Marcelo Henrique de Carvalho
A polarização política no Brasil alcança, em outubro de 2025, matizes e tensões que clamam por uma análise profunda da configuração social e emocional que molda o campo dos conflitos ideológicos contemporâneos. A recente pesquisa realizada pela Quaest, amplamente discutida no cenário político, revela um país imerso em contradições que ultrapassam a mera disputa eleitoral e alcançam o âmago das representações coletivas, dos valores e das aspirações de segmentos sociais diversos. Esse quadro configura um fenômeno de radicalização que se manifesta tanto na visibilidade midiática quanto nos espaços públicos e privados, experimentando a democracia brasileira com desafios inéditos e urgentes.
O exercício da política, neste momento, aparece marcado por uma trinca de dinâmicas: o fortalecimento de um lulismo não apenas político, mas também afetivo, que traduz uma busca por proteção, empatia e reconstrução do Estado social; a persistência de um bolsonarismo radicalizado, carregado de ressentimentos e pautado numa crítica destrutiva ao establishment; e, finalmente, o surgimento ou intensificação de um eleitorado que se distancia desses polos, exprime cansaço e anseia por estabilidade e normalidade, constituindo um novo “terceiro campo” da política nacional.
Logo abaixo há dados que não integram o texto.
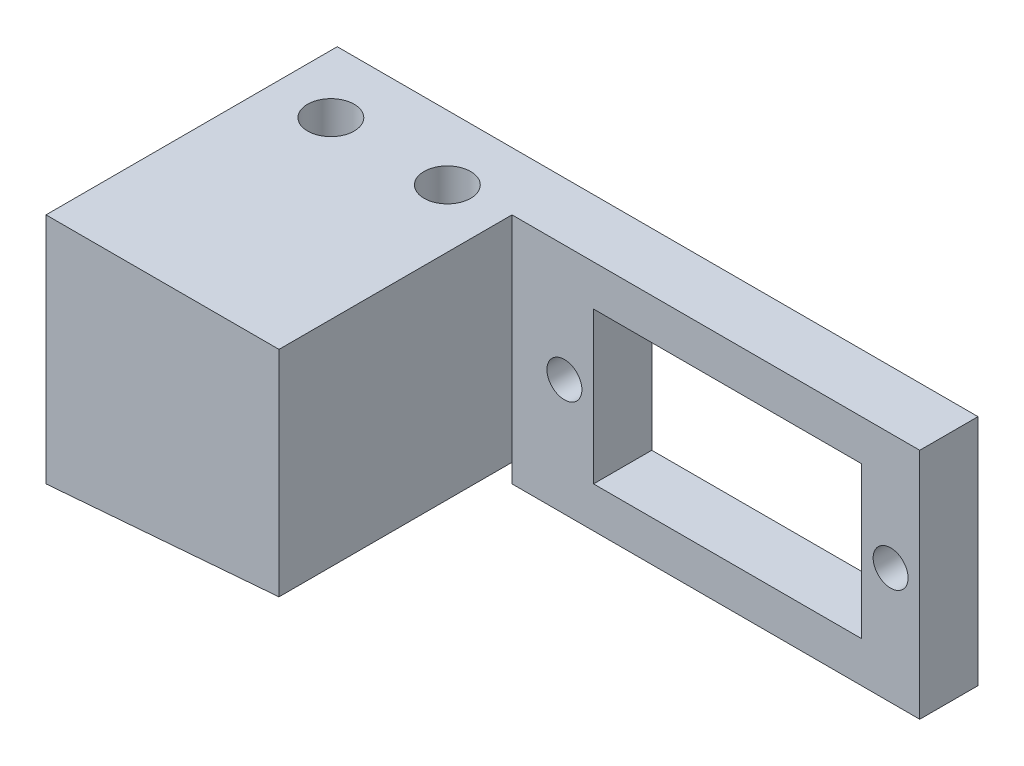
SolidWorks part; units mm, degrees
ref_plane "Plan de face" through (0, 0, 0) normal (0, 0, 1) x (1, 0, 0)
ref_plane "Plan de dessus" through (0, 0, 0) normal (0, 1, 0) x (1, 0, 0)
ref_plane "Plan de droite" through (0, 0, 0) normal (1, 0, 0) x (0, 0, -1)
sketch "Esquisse1" plane through (0, 0, 0) normal (0, 0, 1) x (1, 0, 0)
  line L1 (-28.3333, 8.3333) -> (26.6667, 8.3333)
  line L2 (-28.3333, 8.3333) -> (-28.3333, -11.6667)
  line L3 (-28.3333, -11.6667) -> (26.6667, -11.6667)
  line L4 (26.6667, 8.3333) -> (26.6667, -11.6667)
  dimension "D1" = 20
  dimension "D2" = 55
extrude "Boss.-Extru.1" add sketch "Esquisse1" along normal blind 5
sketch "Esquisse3" plane through (0, 0, 5) normal (0, 0, 1) x (1, 0, 0)
  line L0 (26.6667, -11.6667) -> (26.6667, 8.3333) construction
  line L1 (21.6667, 4.8333) -> (-1.3333, 4.8333)
  line L2 (21.6667, 4.8333) -> (21.6667, -8.1667)
  line L3 (21.6667, -8.1667) -> (-1.3333, -8.1667)
  line L4 (-1.3333, 4.8333) -> (-1.3333, -8.1667)
  line L5 (26.6667, 8.3333) -> (-28.3333, 8.3333) construction
  line L6 (-28.3333, -11.6667) -> (26.6667, -11.6667) construction
  circle A0 centre (24.1667, -1.6667) radius 1.5
  circle A1 centre (-3.8333, -1.6667) radius 1.5
  dimension "D5" = 10
  dimension "D6" = 10
  dimension "D7" = 3
  dimension "D8" = 3
  dimension "D9" = 2.5
  dimension "D10" = 2.5
  dimension "D1" = 23
  dimension "D2" = 13
  dimension "D3" = 5
  dimension "D4" = 3.5
extrude "Enlèv. mat.-Extru.2" cut sketch "Esquisse3" against normal blind 20
sketch "Esquisse5" plane through (0, 0, 0) normal (0, 0, -1) x (-1, 0, 0)
  line L0 (28.3333, -11.6667) -> (28.3333, 8.3333)
  line L1 (28.3333, 8.3333) -> (8.3333, 8.3333)
  line L2 (-26.6667, 8.3333) -> (28.3333, 8.3333) construction
  line L3 (8.3333, 8.3333) -> (8.3333, -10.0667)
  line L4 (8.3333, -10.0667) -> (28.3333, -11.6667)
  line L5 (28.3333, -11.6667) -> (-26.6667, -11.6667) construction
  dimension "D1" = 1.6
  dimension "D2" = 20
extrude "Boss.-Extru.2" add sketch "Esquisse5" against normal blind 25
sketch "Esquisse2" plane through (0, 8.3333, 0) normal (0, 1, 0) x (1, 0, 0)
  line L1 (-28.3333, -25) -> (-28.3333, 0) construction
  circle A0 centre (-23.3333, -5.5481) radius 2
  circle A1 centre (-13.3333, -5.5481) radius 2
  dimension "D1" = 4
  dimension "D2" = 4
  dimension "D3" = 5
  dimension "D4" = 15
extrude "Enlèv. mat.-Extru.1" cut sketch "Esquisse2" against normal blind 20
sketch "Esquisse7" plane through (0, 0, 5) normal (0, 0, 1) x (1, 0, 0)
  line L0 (-8.3333, -10.0667) -> (-8.3333, -11.6667)
  line L1 (-28.3333, -11.6667) -> (-25.2568, -11.6667) construction
  line L2 (-8.3333, -11.6667) -> (-28.3333, -11.6667)
  line L3 (-28.3333, -11.6667) -> (-8.3333, -10.0667)
extrude "Enlèv. mat.-Extru.4" cut sketch "Esquisse7" against normal blind 15

Do lado do lulismo, a narrativa construída ultrapassa a disputa tradicional de ideias, assumindo uma estética de acolhimento e esperança, numa espécie de gramática emocional que busca reaproximar o Estado do indivíduo por meio de políticas públicas que ampliem a proteção social. Este movimento político radica-se, sobretudo, entre beneficiários de programas sociais, mulheres, negros, moradores do Nordeste e trabalhadores informais, expressando o desejo por um Estado que funcione como garantidor de justiça social e inclusão. A força desse bloco reside em sua capacidade de simbolizar um futuro possível, onde a recuperação econômica e social seja acompanhada de reconhecimento e dignidade.
O bolsonarismo, por sua vez, aparece como um fenômeno em transição. Embora mantenha uma base eleitoral expressiva, sua retórica radical e a prevalência do ressentimento político mostram sinais de esgotamento simbólico. A máxima da destruição como forma de renovação dá lugar a um cenário no qual a indignação se torna fadiga, e o discurso de ódio começa a ceder espaço para a desconfiança e apatia. Essa transformação é um indicador de que o fenômeno político que nasceu do conflito destruidor enfrenta agora dilemas relacionados à sua própria sustentação e capacidade de projetar um projeto político viável para além da contestação.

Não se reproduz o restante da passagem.